Now, there are three other problems I could readily identify with printStrands. First, it calls size on seqs, which will cause the whole Stream to be processed, losing lazyness. Never call size on a Stream. Second, you call apply on seqse, accessing it by index. Never call apply on a Stream (or List) -- that's highly inefficient. It's O(n), which makes your inner loop O(n^2) -- yes, quadratic on the number of headers in the input file! Finally, printStrands keeps a reference to seqs throughout the execution of printStrand, preventing processing elements from being garbage collected.
So, here's a first approximation:
def inputStreams(fileName: String): (Stream[String], Stream[String]) = {
val in = (io.Source fromFile fileName).getLines.toStream
val SeqPatt = "^[^>]".r
def demultiplex(s: Stream[String], skip: Boolean): Stream[String] = {
if (s.isEmpty) Stream.empty
else if (skip) demultiplex(s.tail dropWhile (SeqPatt findFirstIn _ nonEmpty), skip = false)
else s.head #:: (s.tail takeWhile (SeqPatt findFirstIn _ nonEmpty)) #::: demultiplex(s.tail dropWhile (SeqPatt findFirstIn _ nonEmpty), skip = true)
}
(demultiplex(in, skip = false), demultiplex(in, skip = true))
}
The problem with the above, and I'm showing that code just to further guide in the issues of lazyness, is that the instant you do this:
val (a, b) = inputStreams(fileName)
You'll keep a reference to the head of both streams, which prevents garbage collecting them. You can't keep a reference to them, so you have to consume them as soon as you get them, without ever storing them in a "val" or "lazy val". A "var" might do, but it would be tricky to handle.

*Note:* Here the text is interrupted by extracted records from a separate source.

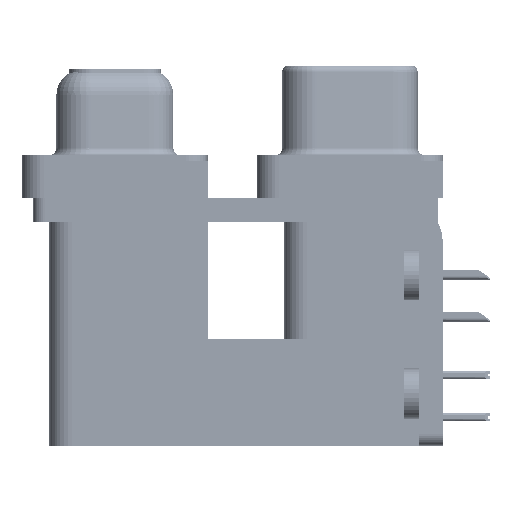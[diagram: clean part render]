
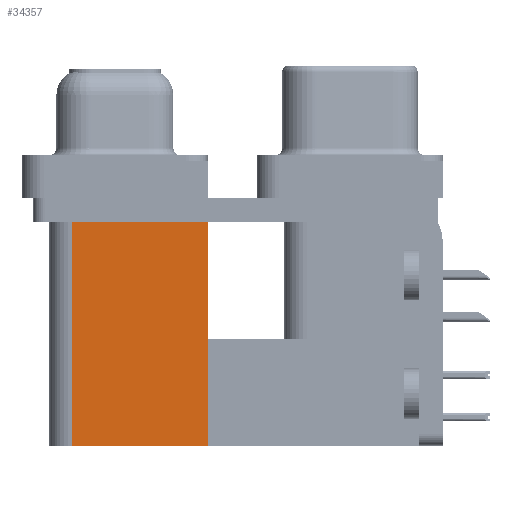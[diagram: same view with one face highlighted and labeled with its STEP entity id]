
A CAD part, left-side view. The second image highlights one B-rep face of the part: STEP entity #34357.
In plain terms, the highlighted planar face has unit normal (-1, 0, 0).
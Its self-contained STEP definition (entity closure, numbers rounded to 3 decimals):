
#1019 = LINE ( 'NONE', #49378, #61047 ) ;
#2875 = EDGE_CURVE ( 'NONE', #55978, #31743, #1019, .T. ) ;
#5650 = DIRECTION ( 'NONE',  ( 0., 1., 0. ) ) ;
#10962 = VECTOR ( 'NONE', #41683, 1000. ) ;
#12428 = AXIS2_PLACEMENT_3D ( 'NONE', #61042, #62094, #23391 ) ;
#16643 = FACE_OUTER_BOUND ( 'NONE', #44863, .T. ) ;
#20854 = ORIENTED_EDGE ( 'NONE', *, *, #44902, .T. ) ;
#21981 = ORIENTED_EDGE ( 'NONE', *, *, #2875, .T. ) ;
#23391 = DIRECTION ( 'NONE',  ( 0., 1., 0. ) ) ;
#24644 = ORIENTED_EDGE ( 'NONE', *, *, #35829, .F. ) ;
#25293 = LINE ( 'NONE', #46985, #45360 ) ;
#26385 = LINE ( 'NONE', #42732, #10962 ) ;
#27421 = VECTOR ( 'NONE', #68164, 1000. ) ;
#28044 = CARTESIAN_POINT ( 'NONE',  ( 3.79, 18.8, -2.5 ) ) ;
#31743 = VERTEX_POINT ( 'NONE', #28044 ) ;
#32807 = CARTESIAN_POINT ( 'NONE',  ( 3.79, 9.6, -19.2 ) ) ;
#34192 = EDGE_CURVE ( 'NONE', #65202, #45390, #25293, .T. ) ;
#34357 = ADVANCED_FACE ( 'NONE', ( #16643 ), #39384, .F. ) ;
#35565 = LINE ( 'NONE', #47272, #27421 ) ;
#35829 = EDGE_CURVE ( 'NONE', #45390, #31743, #35565, .T. ) ;
#39384 = PLANE ( 'NONE',  #12428 ) ;
#41683 = DIRECTION ( 'NONE',  ( 0., 0., 1. ) ) ;
#42732 = CARTESIAN_POINT ( 'NONE',  ( 3.79, 9.6, -19.2 ) ) ;
#44863 = EDGE_LOOP ( 'NONE', ( #21981, #24644, #51687, #20854 ) ) ;
#44902 = EDGE_CURVE ( 'NONE', #65202, #55978, #26385, .T. ) ;
#45360 = VECTOR ( 'NONE', #46307, 1000. ) ;
#45390 = VERTEX_POINT ( 'NONE', #52886 ) ;
#46307 = DIRECTION ( 'NONE',  ( 0., 1., 0. ) ) ;
#46985 = CARTESIAN_POINT ( 'NONE',  ( 3.79, 9.6, -19.2 ) ) ;
#47272 = CARTESIAN_POINT ( 'NONE',  ( 3.79, 18.8, -19.2 ) ) ;
#49378 = CARTESIAN_POINT ( 'NONE',  ( 3.79, 9.6, -2.5 ) ) ;
#51687 = ORIENTED_EDGE ( 'NONE', *, *, #34192, .F. ) ;
#52886 = CARTESIAN_POINT ( 'NONE',  ( 3.79, 18.8, -19.2 ) ) ;
#55324 = CARTESIAN_POINT ( 'NONE',  ( 3.79, 9.6, -2.5 ) ) ;
#55978 = VERTEX_POINT ( 'NONE', #55324 ) ;
#61042 = CARTESIAN_POINT ( 'NONE',  ( 3.79, 9.6, -19.2 ) ) ;
#61047 = VECTOR ( 'NONE', #5650, 1000. ) ;
#62094 = DIRECTION ( 'NONE',  ( 1., 0., 0. ) ) ;
#65202 = VERTEX_POINT ( 'NONE', #32807 ) ;
#68164 = DIRECTION ( 'NONE',  ( 0., 0., 1. ) ) ;

So let's try this instead:
def inputStreams(fileName: String): Vector[Stream[String]] = {
val in = (io.Source fromFile fileName).getLines.toStream
val SeqPatt = "^[^>]".r
def demultiplex(s: Stream[String], skip: Boolean): Stream[String] = {
if (s.isEmpty) Stream.empty
else if (skip) demultiplex(s.tail dropWhile (SeqPatt findFirstIn _ nonEmpty), skip = false)
else s.head #:: (s.tail takeWhile (SeqPatt findFirstIn _ nonEmpty)) #::: demultiplex(s.tail dropWhile (SeqPatt findFirstIn _ nonEmpty), skip = true)
}
Vector(demultiplex(in, skip = false), demultiplex(in, skip = true))
}
inputStreams(fileName).zipWithIndex.par.foreach {
case (stream, strand) =>
val p = new PrintWriter(new File("FASTA" + "." + strand))
stream foreach p.println
p.close
}
That still doesn't work, because stream inside inputStreams works as a reference, keeping the whole stream in memory even while they are printed.
So, having failed again, what do I recommend? Keep it simple.
def in = (scala.io.Source fromFile fileName).getLines.toStream
def inputStream(in: Stream[String], strand: Int = 1): Stream[(String, Int)] = {
if (in.isEmpty) Stream.empty
else if (in.head startsWith ">") (in.head, 1 - strand) #:: inputStream(in.tail, 1 - strand)
else (in.head, strand) #:: inputStream(in.tail, strand)
}
val printers = Array.tabulate(2)(i => new PrintWriter(new File("FASTA" + "." + i)))
inputStream(in) foreach {
case (line, strand) => printers(strand) println line
}
printers foreach (_.close)
Now this won't keep anymore in memory than necessary. I still think it's too complex, however. This can be done more easily like this:
def in = (scala.io.Source fromFile fileName).getLines
val printers = Array.tabulate(2)(i => new PrintWriter(new File("FASTA" + "." + i)))
def printStrands(in: Iterator[String], strand: Int = 1) {
if (in.hasNext) {
val next = in.next
if (next startsWith ">") {
printers(1 - strand).println(next)
printStrands(in, 1 - strand)
} else {
printers(strand).println(next)
printStrands(in, strand)
}
}
}
printStrands(in)
printers foreach (_.close)
Or just use a while loop instead of recursion.
Now, to the other questions:
B) It might make sense to do so while reading it, so that you do not have to keep two copies of the data: the Map and a Seq.
C) Don't reverse a Stream -- you'll lose all of its laziness.